Taurus (April 21-May 21) There’s a lot you’ve gotten away with by wearing blinders, but they don’t work for the big decisions you’re going to have to make some in the coming month. Take off the mask, state your name for the record and stand and be counted. Save the blindfolds for the bedroom.
Gemini (May 22-June 22) If there is one glimmer of hope, it’s that the Oregon Legislature can trigger impeachment of George Bush. Feels good just typing it. Tell your representative how you feel, and let’s get this national nightmare over with!
Cancer (June 23-July 23) Typically, your ethics would carry the day, but they’ve become mired down in politics.
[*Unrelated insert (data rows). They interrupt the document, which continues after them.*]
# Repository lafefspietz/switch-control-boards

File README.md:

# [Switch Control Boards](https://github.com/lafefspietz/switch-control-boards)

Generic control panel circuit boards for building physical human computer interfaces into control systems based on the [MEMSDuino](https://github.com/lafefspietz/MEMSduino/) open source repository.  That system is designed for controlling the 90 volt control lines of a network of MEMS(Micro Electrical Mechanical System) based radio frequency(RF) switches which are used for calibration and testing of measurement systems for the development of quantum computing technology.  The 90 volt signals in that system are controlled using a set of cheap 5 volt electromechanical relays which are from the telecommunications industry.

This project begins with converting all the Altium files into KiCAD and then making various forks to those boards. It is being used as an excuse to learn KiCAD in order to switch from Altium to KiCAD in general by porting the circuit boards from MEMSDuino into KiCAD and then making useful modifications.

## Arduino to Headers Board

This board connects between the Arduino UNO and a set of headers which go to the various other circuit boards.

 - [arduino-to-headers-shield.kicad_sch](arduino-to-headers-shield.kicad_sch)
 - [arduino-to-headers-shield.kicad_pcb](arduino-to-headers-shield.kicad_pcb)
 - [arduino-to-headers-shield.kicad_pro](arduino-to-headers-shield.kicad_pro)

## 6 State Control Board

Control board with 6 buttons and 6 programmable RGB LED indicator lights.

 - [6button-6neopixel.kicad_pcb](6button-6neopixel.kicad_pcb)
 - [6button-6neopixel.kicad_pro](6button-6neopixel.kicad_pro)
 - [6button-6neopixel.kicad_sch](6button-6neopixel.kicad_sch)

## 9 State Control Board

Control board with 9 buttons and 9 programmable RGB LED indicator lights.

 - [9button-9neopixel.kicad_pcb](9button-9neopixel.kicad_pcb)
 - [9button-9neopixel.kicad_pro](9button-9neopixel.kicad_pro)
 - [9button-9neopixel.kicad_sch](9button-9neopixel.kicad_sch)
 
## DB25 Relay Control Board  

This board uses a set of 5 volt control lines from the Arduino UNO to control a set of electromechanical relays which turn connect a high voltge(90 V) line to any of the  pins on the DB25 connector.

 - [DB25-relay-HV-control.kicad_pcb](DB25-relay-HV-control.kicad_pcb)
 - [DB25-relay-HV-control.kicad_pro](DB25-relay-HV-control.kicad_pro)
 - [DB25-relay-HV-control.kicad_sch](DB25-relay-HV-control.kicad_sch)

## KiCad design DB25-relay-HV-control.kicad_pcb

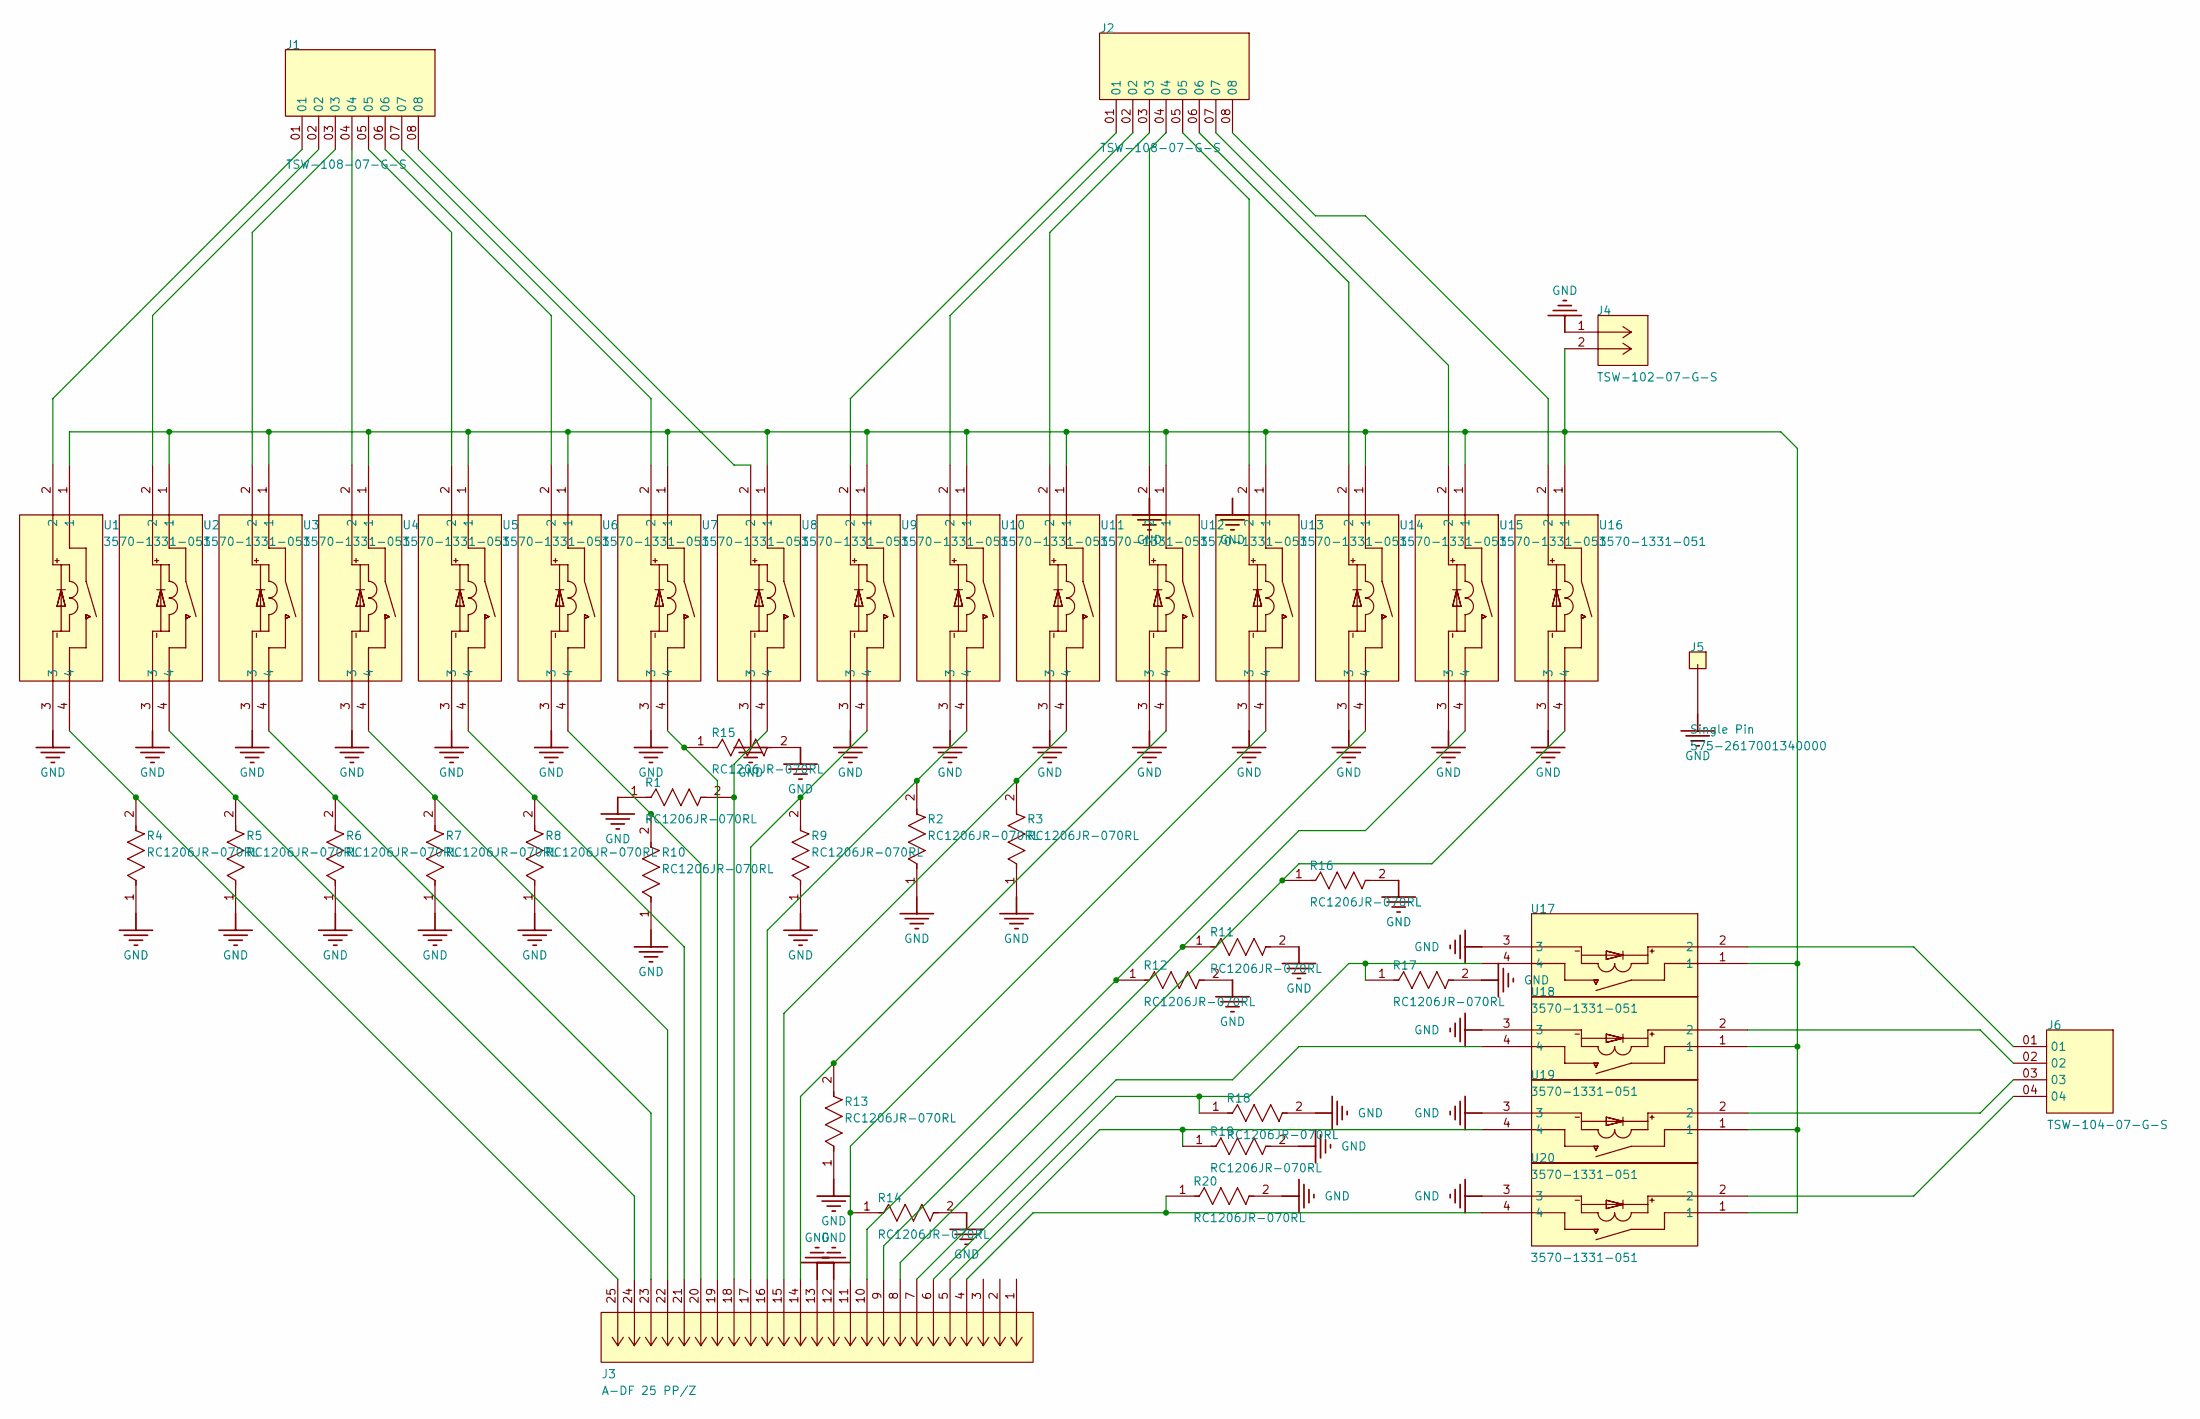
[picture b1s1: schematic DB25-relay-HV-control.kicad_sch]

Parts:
J1, J2: TSW-108-07-G-S; SAMTEC_TSW-108-07-G-S
J3: A-DF 25 PP/Z; CONN_A-DF 25 PPZ_ASM; MANUFACTURER_PART_NUMBER A-DF 25 PP/Z
J4: TSW-102-07-G-S; CON2_1X2_TU_TSW; MANUFACTURER_PART_NUMBER TSW-102-07-G-S
J5: Single Pin; Single PC Pin
J6: TSW-104-07-G-S; SAMTEC_TSW-104-07-G-S
R1, R2, R3, R4, R5, R6, R7, R8, R9, R10, R11, R12, R13, R14, R15, R16, R17, R18, R19, R20: RC1206JR-070RL; FP-RC1206-MFG; VOLTAGE RATING 200V; POWER RATING 0.25W; MANUFACTURER PART NUMBER RC1206JR-070RL; DIGIKEY DESCRIPTION RES SMD 0 OHM JUMPER 1/4W 1206
U1, U2, U3, U4, U5, U6, U7, U8, U9, U10, U11, U12, U13, U14, U15, U16, U17, U18, U19, U20: 3570-1331-051; SIP_3570-1331_COM; MANUFACTURER_PART_NUMBER 3570-1331-051

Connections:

Someone’s profiting from crossing your wires, but it isn’t you.
Leo (July 24-Aug. 23) Vote, before they don’t let you anymore.
Virgo (Aug. 24-Sept. 23) It’s old, your grudge, too old for you to be clinging to it for oh so many weeks. Let it go and you should land on your own moral ground.
Libra (Sept. 24-Oct. 23) A fence is a fence is a fence, but never a neighbor’s rose smelled so sweet. Privacy is your May game, and you’ve got to play it just right or risk losing those friendships you’ve taken for granted for the past two years. They love you, but they don’t have to love all of you. You don’t, so cut them some slack and invite them inside some time.
Scorpio (Oct. 24-Nov. 22) Hot! Hot! Hot you look in those new goucho-ee pant things. Too bad it’s just a trend. I mean, really, how far did you think the lemming pack would take you on your new identity? The nondescript thing was working for you, on the outside, anyway. It conserved your inner energy for the more important stuff.
Sagittarius (Nov. 23-Dec. 22) Soup Can's got a new wedge! Now I can swing with the best of them, and for only $2 at a garage sale! Whoo hoo! Saving par from the tall stuff and flopping it on the greens like a shucked oyster! I’m swinging away just like you, baby, only I’ve got balls. Get some.
Capricorn (Dec. 23-Jan. 19) Sheesh, you say. It’s already May! Get in gear and enjoy the year!
Aquarius (Jan. 20-Feb. 19) Forego poetry for awhile. It’s not working for you — or Soup Can, either, and it’s just killing Capricorn. What’s Cappy supposed to do with a horoscope like that?
Aries (March 21-April 19) There’s a reason bad ‘80s music remains on the radio. Every word of it is true, every hot child in the city knows it. It all really happened, along with Iran/Contra, pet rocks and parachute pants. You’ve got to own up to your misspent youth like the rest of us. That crappy soundtrack tells a cautionary tale.